The extent of our success in tackling climate change will define us. No matter the efforts we employ to end poverty or discrimination, if we do not find a way to successfully avert climate breakdown, our other achievements will be marred by failure. We have had our mouths glued to fossil fuel taps, drunk with wealth and comfort, our bar tab of environmental and human devastation gaining lengths.
So, when Alan Rusbridger recently explained why The Guardian is running a special monthly program on climate change and the environment I once again felt that shiver of hopefulness, the excitement of the prospect of change. This is truly “the biggest story in the world”. So my eyes are glued to the newspaper again, excited by what I am reading, excited by where this could lead us.
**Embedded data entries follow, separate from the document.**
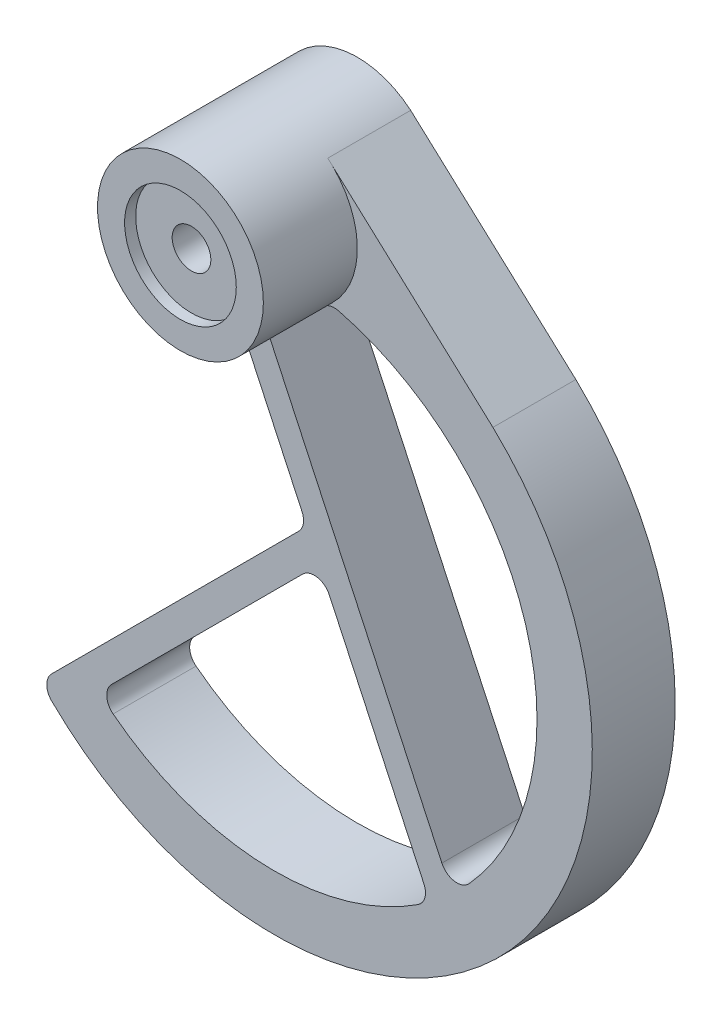
from build123d import *

# Parameters (mm, degrees)
EXTRUDE_1_DEPTH     = 15
SKETCH_6_R          = 3.5
CUT_EXTRUDE_2_DEPTH = 15
SKETCH_9_R          = 15
SKETCH_9_R_2        = 3.5
EXTRUDE_2_DEPTH     = 17
SKETCH_10_R         = 10.1
CUT_EXTRUDE_5_DEPTH = 2


with BuildPart() as part:
    # ｽｹｯﾁ1 → ﾎﾞｽ - 押し出し1 (new body)
    with BuildSketch(Plane.XY):
        with BuildLine():
            Line((10.546944731, 68.165925034), (9.641814145, 68.990666647))
            ThreePointArc((9.641814145, 68.990666647), (-9.131421435, 69.400300104), (-13.594616806, 51.160726074))
            Line((-13.594616806, 51.160726074), (4.986432096, 11.313538113))
            ThreePointArc((4.986432096, 11.313538113), (5.221931994, 9.524738795), (4.388829079, 7.924362985))
            Line((4.388829079, 7.924362985), (-40.303464689, -36.767930783))
            ThreePointArc((-40.303464689, -36.767930783), (-41.182112782, -38.903012739), (-40.283913759, -41.029943849))
            ThreePointArc((-40.283913759, -41.029943849), (41.397896806, -39.905690573), (39.524106652, 41.762363359))
            Line((39.524106652, 41.762363359), (37.916838192, 43.226882625))
            Line((37.916838192, 43.226882625), (10.546944731, 68.165925034))
        make_face()
        with BuildLine():
            ThreePointArc((5.093338956, 1.55780505), (7.735603832, 2.390907965), (9.933582661, 0.704339492))
            Line((9.933582661, 0.704339492), (27.046217634, -35.993824637))
            ThreePointArc((27.046217634, -35.993824637), (27.212084573, -38.085077821), (25.967336583, -39.773702754))
            ThreePointArc((25.967336583, -39.773702754), (-1.972837213, -47.459012983), (-29.17877254, -37.481318454))
            ThreePointArc((-29.17877254, -37.481318454), (-30.330146685, -35.299826939), (-29.457223039, -32.992756945))
            Line((-29.457223039, -32.992756945), (5.093338956, 1.55780505))
        make_face(mode=Mode.SUBTRACT)
        with BuildLine():
            ThreePointArc((35.231836325, -31.858557864), (32.560090836, -32.813013733), (30.287744354, -31.114293205))
            Line((30.287744354, -31.114293205), (-2.054746852, 38.244403012))
            ThreePointArc((-2.054746852, 38.244403012), (-1.895310582, 41.077194163), (0.553480425, 42.510214831))
            ThreePointArc((0.553480425, 42.510214831), (5.039223996, 43.371793408), (9.057681155, 45.543478261))
            ThreePointArc((9.057681155, 45.543478261), (10.270904088, 46.091905397), (11.601973614, 46.061309233))
            ThreePointArc((11.601973614, 46.061309233), (45.455779175, 13.784851815), (35.231836325, -31.858557864))
        make_face(mode=Mode.SUBTRACT)
    extrude(amount=EXTRUDE_1_DEPTH)

    # ｽｹｯﾁ6 → ｶｯﾄ - 押し出し2 (cut)
    with BuildSketch(Plane.XY.offset(15)):
        with Locations((0, 57.5)):
            Circle(SKETCH_6_R)
    extrude(amount=-CUT_EXTRUDE_2_DEPTH, mode=Mode.SUBTRACT)

    # ｽｹｯﾁ9 → ﾎﾞｽ - 押し出し2 (add)
    with BuildSketch(Plane.XY.offset(15)):
        with Locations(Location((0, 57.5, 0), (0, 0, 205))):
            Circle(SKETCH_9_R)
        with Locations((0, 57.5)):
            Circle(SKETCH_9_R_2, mode=Mode.SUBTRACT)
    extrude(amount=EXTRUDE_2_DEPTH)

    # ｽｹｯﾁ10 → ｶｯﾄ - 押し出し5 (cut)
    with BuildSketch(Plane.XY.offset(32)):
        with Locations((0, 57.5)):
            Circle(SKETCH_10_R)
    extrude(amount=-CUT_EXTRUDE_5_DEPTH, mode=Mode.SUBTRACT)


solid = part.part

The problem with reporting climate change is that it is not news. No matter the evidence, we know what is happening, we are aware of what needs to change, and yet we have so far been unable to do so. So how do we read something that isn’t news? How do we write about climate change so that all who read our article are astounded, so that the way in which we present such common content remains extraordinary? We just continue writing. We continue enabling that connection between people, continue breaking down the boundaries of nations, states and cities, we continue giving people a platform to discuss and to support each other, to stand together with the common goal of change.
The views expressed in this article are those of the author and do not necessarily represent the views of Development in Action.